The Innocents [2021]
“I can make people do things…”
Brutal, chilling, brave, and thoughtful; The Innocents is the latest feature film by Eskil Vogt. Recently nominated for “Best Original Screenplay” for his work on The Worst Person in the World, Vogt’s work may finally be gaining the international attention it so desperately deserves. If you have kids… you may want to look at them a little differently after this one. A little more compassionately, a little more hopefully... and a little more frightfully.
The best way for me to sum up The Innocents is “kids on bikes gone bad”. The film is both heavily redolent of 2018’s Freaks and 2017’s Super Dark Times; but manages to not step on the toes or be derivative of either. The Innocents is an impressively brave coming of age story set against the backdrop of a serene Norwegian town. The trees are tall and lush, the water is still and pure, and families play in well maintained and placid playgrounds while the slightly older kids venture through the surrounding woods in search of discovery, mystery, and awe.
There are friends, there are bullies, there are present parents, and there are absent ones. The world set up by The Innocents is at once perfectly believable and comfortable, and horrifyingly close to home when things start to take a turn.

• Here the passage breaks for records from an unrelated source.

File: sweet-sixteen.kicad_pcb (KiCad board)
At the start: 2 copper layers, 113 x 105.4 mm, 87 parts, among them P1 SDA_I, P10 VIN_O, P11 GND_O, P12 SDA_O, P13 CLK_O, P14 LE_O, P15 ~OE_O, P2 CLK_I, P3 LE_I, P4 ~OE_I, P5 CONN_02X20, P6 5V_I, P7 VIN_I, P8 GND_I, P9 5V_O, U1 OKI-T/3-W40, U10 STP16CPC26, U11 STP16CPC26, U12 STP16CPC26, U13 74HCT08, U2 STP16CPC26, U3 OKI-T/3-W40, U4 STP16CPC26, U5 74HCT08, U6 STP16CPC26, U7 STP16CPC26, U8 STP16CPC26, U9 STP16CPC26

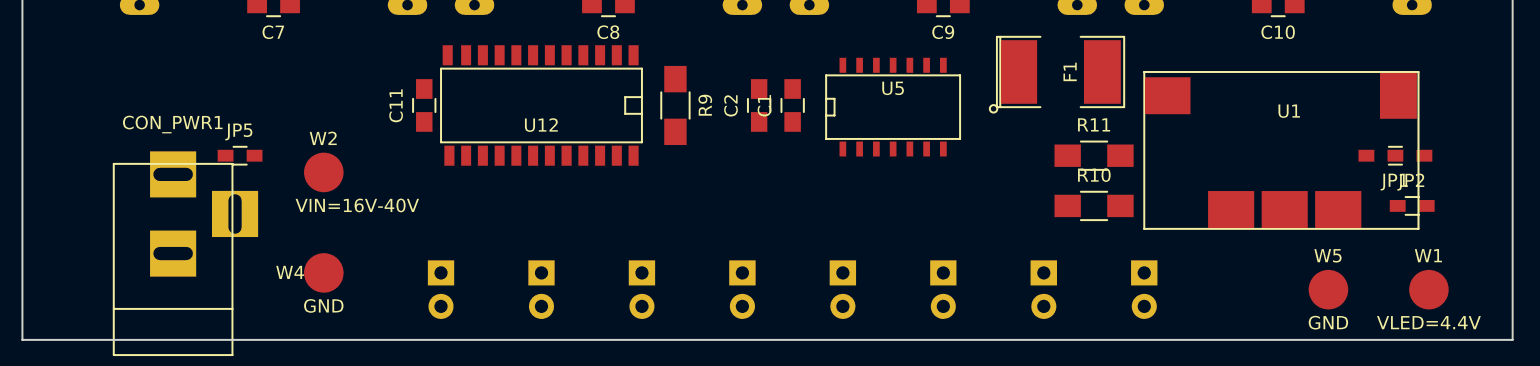
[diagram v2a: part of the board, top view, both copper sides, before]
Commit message: move labels
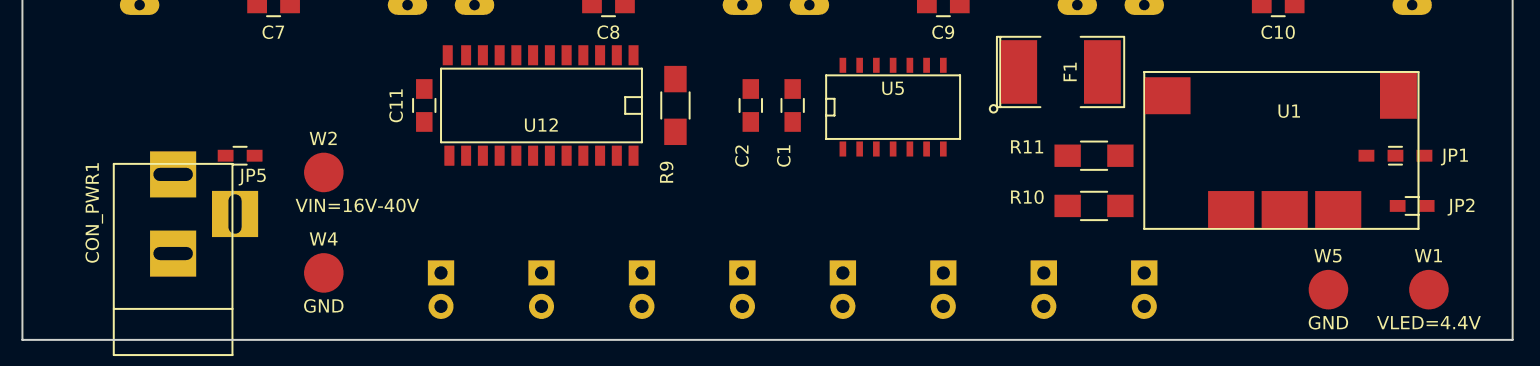
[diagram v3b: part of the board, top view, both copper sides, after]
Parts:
- JP1: value JUMPER3 -> (none)
- JP2, JP5: value JUMPER -> (none)
- moved C2 0.64 mm to (145.4, 119.4)
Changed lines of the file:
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@@
     (tags "capacitor 0805")
     (attr smd)
-    (fp_text reference C1 (at 0 -2.1 90) (layer F.SilkS)
-      (effects (font (size 1 1) (thickness 0.15)))
-    )
-    (fp_text value 10nf (at 0 2.1 90) (layer F.Fab)
+    (fp_text reference C1 (at -3.81 -0.635 90) (layer F.SilkS)
+      (effects (font (size 1 1) (thickness 0.15)))
+    )
+    (fp_text value 10nf (at -4.445 0.635 90) (layer F.Fab)
       (effects (font (size 1 1) (thickness 0.15)))
     )
@@
   )
   (module Capacitors_SMD:C_0805_HandSoldering (layer F.Cu)
-    (at 146.05 119.38 90)
+    (at 145.415 119.38 90)
     (descr "Capacitor SMD 0805, hand soldering")
     (tags "capacitor 0805")
     (attr smd)
-    (fp_text reference C2 (at 0 -2.1 90) (layer F.SilkS)
-      (effects (font (size 1 1) (thickness 0.15)))
-    )
-    (fp_text value 100nf (at 0 2.1 90) (layer F.Fab)
+    (fp_text reference C2 (at -3.81 -0.635 90) (layer F.SilkS)
+      (effects (font (size 1 1) (thickness 0.15)))
+    )
+    (fp_text value 100nf (at -5.08 0.635 90) (layer F.Fab)
       (effects (font (size 1 1) (thickness 0.15)))
     )
@@
     (descr "DC Barrel Jack")
     (tags "Power Jack")
-    (fp_text reference CON_PWR1 (at 10.09904 0 180) (layer F.SilkS)
-      (effects (font (size 1 1) (thickness 0.15)))
-    )
-    (fp_text value PWR (at 0 -5.99948 90) (layer F.Fab)
+    (fp_text reference CON_PWR1 (at 3.302 -6.096 270) (layer F.SilkS)
+      (effects (font (size 1 1) (thickness 0.15)))
+    )
+    (fp_text value PWR (at -3.302 -6.096 90) (layer F.Fab)
       (effects (font (size 1 1) (thickness 0.15)))
     )
@@
     (tags "resistor 1206")
     (attr smd)
-    (fp_text reference R9 (at 0 -2.3 270) (layer F.SilkS)
-      (effects (font (size 1 1) (thickness 0.15)))
-    )
-    (fp_text value 1k (at 0 2.3 270) (layer F.Fab)
+    (fp_text reference R9 (at 5.08 0.635 270) (layer F.SilkS)
+      (effects (font (size 1 1) (thickness 0.15)))
+    )
+    (fp_text value 1k (at 5.08 -0.635 270) (layer F.Fab)
       (effects (font (size 1 1) (thickness 0.15)))
     )
@@
     (tags "resistor 1206")
     (attr smd)
-    (fp_text reference R10 (at 0 -2.3) (layer F.SilkS)
-      (effects (font (size 1 1) (thickness 0.15)))
-    )
-    (fp_text value 1.2k (at 0 2.3) (layer F.Fab)
+    (fp_text reference R10 (at -5.08 -0.635) (layer F.SilkS)
+      (effects (font (size 1 1) (thickness 0.15)))
+    )
+    (fp_text value 1.2k (at -5.08 0.635) (layer F.Fab)
       (effects (font (size 1 1) (thickness 0.15)))
     )
@@
     (tags "resistor 1206")
     (attr smd)
-    (fp_text reference R11 (at 0 -2.3) (layer F.SilkS)
-      (effects (font (size 1 1) (thickness 0.15)))
-    )
-    (fp_text value 680 (at 0 2.3) (layer F.Fab)
+    (fp_text reference R11 (at -5.08 -0.635) (layer F.SilkS)
+      (effects (font (size 1 1) (thickness 0.15)))
+    )
+    (fp_text value 680 (at -5.08 0.635) (layer F.Fab)
       (effects (font (size 1 1) (thickness 0.15)))
     )
@@
     (descr "Mesurement Point, Round, SMD Pad, DM 3mm,")
     (tags "Mesurement Point, Round, SMD Pad, DM 3mm,")
-    (fp_text reference W4 (at -2.54 0) (layer F.SilkS)
+    (fp_text reference W4 (at 0 -2.54) (layer F.SilkS)
       (effects (font (size 1 1) (thickness 0.15)))
     )
@@
     (tags "resistor 0603")
     (attr smd)
-    (fp_text reference JP1 (at 0 -1.9 180) (layer F.SilkS)
-      (effects (font (size 1 1) (thickness 0.15)))
-    )
-    (fp_text value JUMPER3 (at 0 1.9 180) (layer F.Fab)
+    (fp_text reference JP1 (at -4.572 0 180) (layer F.SilkS)
+      (effects (font (size 1 1) (thickness 0.15)))
+    )
+    (fp_text value "" (at 0 -1.27 180) (layer F.Fab)
       (effects (font (size 1 1) (thickness 0.15)))
     )
@@
     (tags "resistor 0603")
     (attr smd)
-    (fp_text reference JP5 (at 0 -1.9) (layer F.SilkS)
-      (effects (font (size 1 1) (thickness 0.15)))
-    )
-    (fp_text value JUMPER (at 0 1.9) (layer F.Fab)
+    (fp_text reference JP5 (at 1.016 1.524) (layer F.SilkS)
+      (effects (font (size 1 1) (thickness 0.15)))
+    )
+    (fp_text value "" (at 0 1.9) (layer F.Fab)
       (effects (font (size 1 1) (thickness 0.15)))
     )
@@
     (tags "resistor 0603")
     (attr smd)
-    (fp_text reference JP2 (at 0 -1.9) (layer F.SilkS)
-      (effects (font (size 1 1) (thickness 0.15)))
-    )
-    (fp_text value JUMPER (at 0 1.9) (layer F.Fab)
-      (effects (font (size 1 1) (thickness 0.15)))
-    )
+    (fp_text reference JP2 (at 3.81 0) (layer F.SilkS)
+      (effects (font (size 1 1) (thickness 0.15)))
+    )
+    (fp_text value "" (at 3.81 1.905) (layer F.Fab)
+      (effects (font (size 1 1) (thickness 0.15)))
+    )

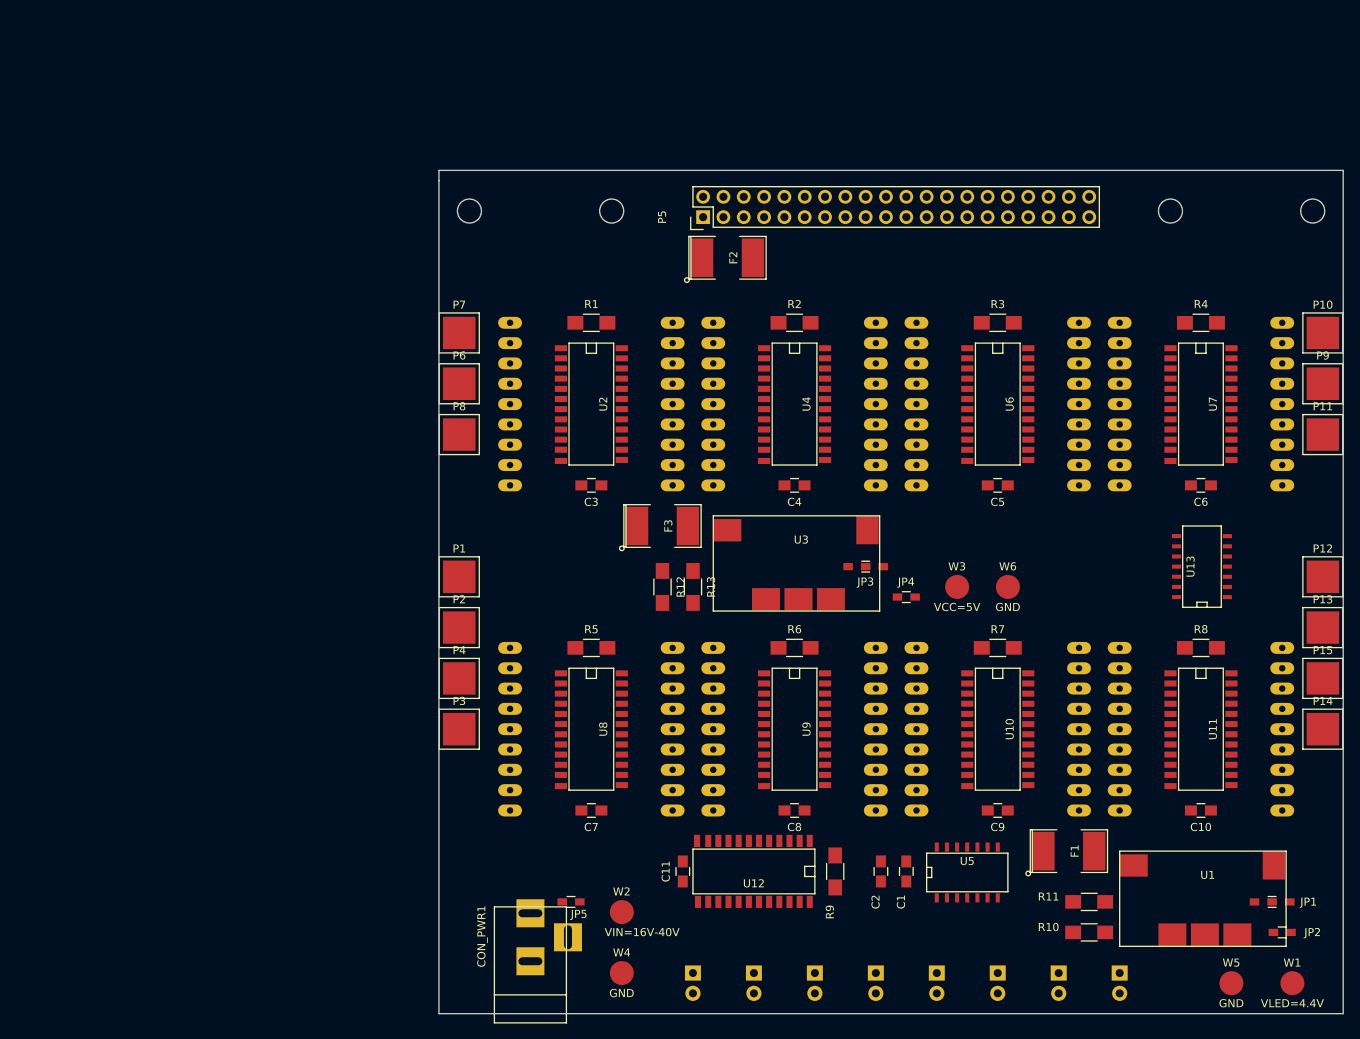
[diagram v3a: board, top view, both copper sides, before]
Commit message: redo pcb, footprints, pi interface
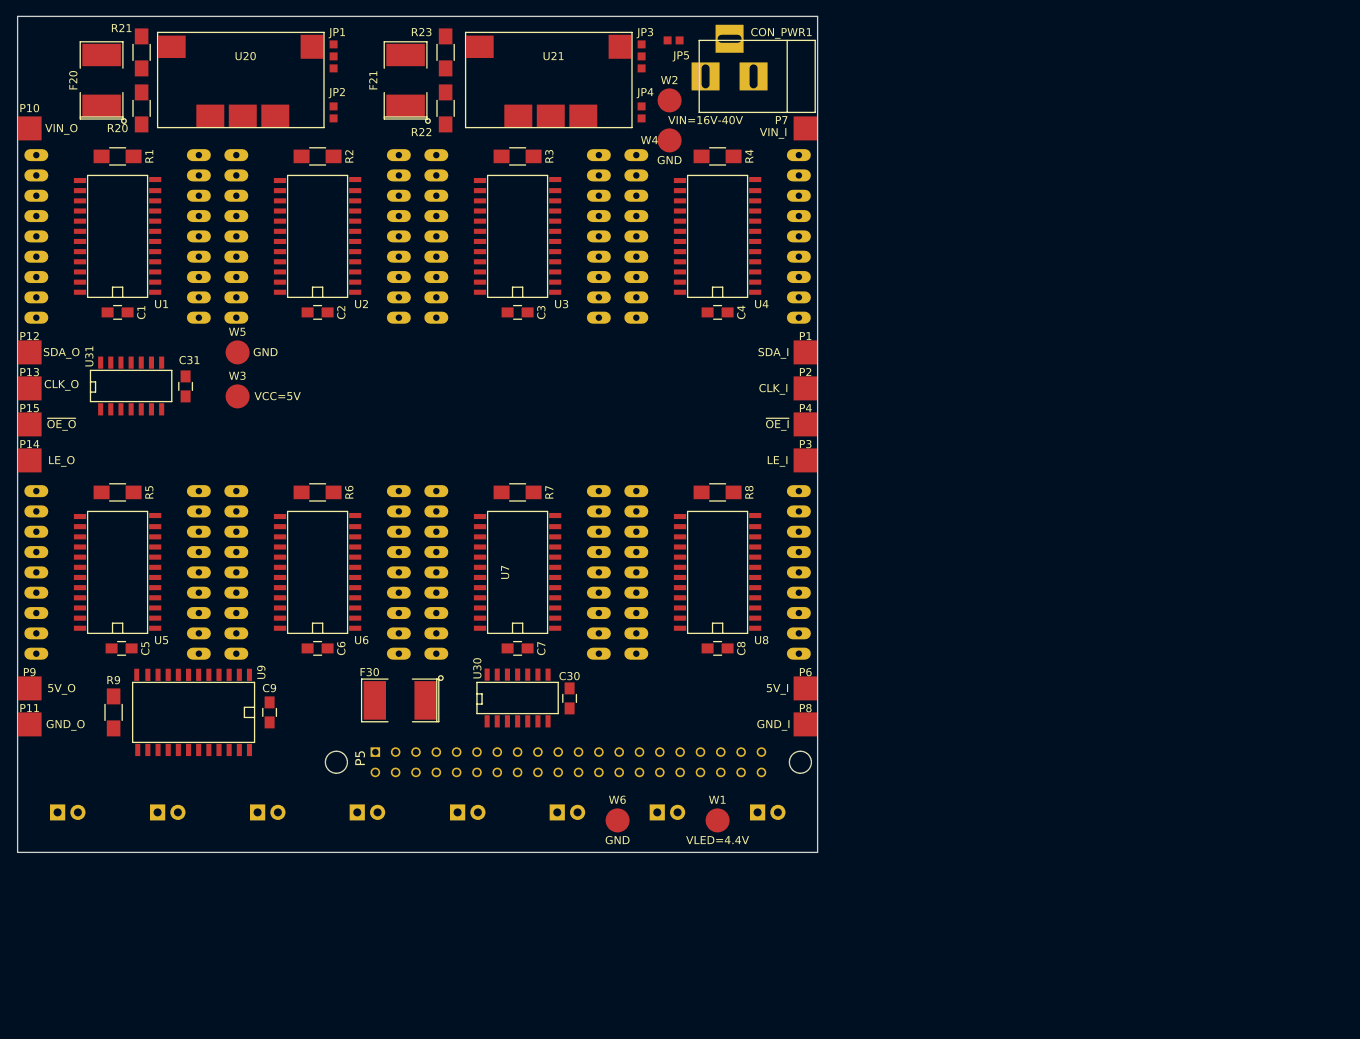
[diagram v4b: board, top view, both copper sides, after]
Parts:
- removed ? (x4): MountingHole_3mm, Mounting_Holes:MountingHole_3mm
- removed C10, C11: 10nf, Capacitors_SMD:C_0805_HandSoldering
- removed F1, F3: 1.2A F, SMD_Packages:SMD-2112_Pol
- removed F2: 2.5A S, SMD_Packages:SMD-2112_Pol
- removed R10, R12: 1.2k, Resistors_SMD:R_1206_HandSoldering
- removed R11: 680, Resistors_SMD:R_1206_HandSoldering
- removed R13: 270, Resistors_SMD:R_1206_HandSoldering
- removed U10, U11, U12: STP16CPC26, SMD_Packages:SOIC-24
- removed U13: 74HCT08, SMD_Packages:SOIC-14_N
- added C30: 10nf, Capacitors_SMD:C_0805_HandSoldering, F.Cu at (106.5, 97.8)
- added C31: 100nf, Capacitors_SMD:C_0805_HandSoldering, F.Cu at (58.5, 58.8)
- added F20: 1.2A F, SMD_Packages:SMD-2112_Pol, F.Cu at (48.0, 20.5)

Despite its supernatural premise, The Innocents never feels outlandish or hokey. The proverbial shark plays an important part in the story without ever getting jumped, and you simply can’t tear your eyes away or cease to wonder at the depth of what you’re seeing on screen. The film has nearly a 100% focus on child actors, and each one of them gives a performance on par with any major Hollywood name. It’s difficult to summarize what existing within the world of The Innocents feels like with anything other than the world “real”.
This will not be a film for everyone. It’s raw, it’s harsh, and its unflinching view of the brutality that exists in the world of children, will leave some truly shaken. Kids are loving and sweet and kind and beautiful and wondrous creatures… but kids are also incredibly mean. The world is all new to them, every adventure that begins must end somewhere else fantastical… but they are all exploring that place and those adventures within the scope of their own limited understanding of consequences and without knowing the lasting impact of their actions. The Innocents explores exactly what that narrow scope and loose grasp on “long-term” means when the kids in question have a little more to offer than your typical running, screaming, laughing, fighting 7-year olds.
This being said, The Innocents is also an incredibly beautiful look into that same frightening world that exists between the one that we understand as adults, and the awe-inspiring fantasy realm in which children’s minds wander, grow, and flourish. Children are at once fragile and impressively strong – able to bounce back after the most intense of tragedies or injuries. It’s that same inability to grasp long-term consequences that makes each day’s struggles simply a new adventure to be had. Kids lead their lives one step at a time, understanding that what they did had to be done… and rarely thinking beyond that point. It’s a beautiful perspective and one that The Innocents is ultimately exploring.
What does it mean to be good? What does it mean to care for someone else? What do we do when the people who are supposed to care for us aren’t equipped to do so? Is there ever a time that doing the wrong thing can happen for the right reasons? The Innocents explores these questions with an unusual tact and from a perspective that one would not expect such depth from. The film is intelligent, it is cruel, and it is strangely moving as it intrepidly treks though the complex answers of the simple question:
“Mama? What do you do when someone’s mean?”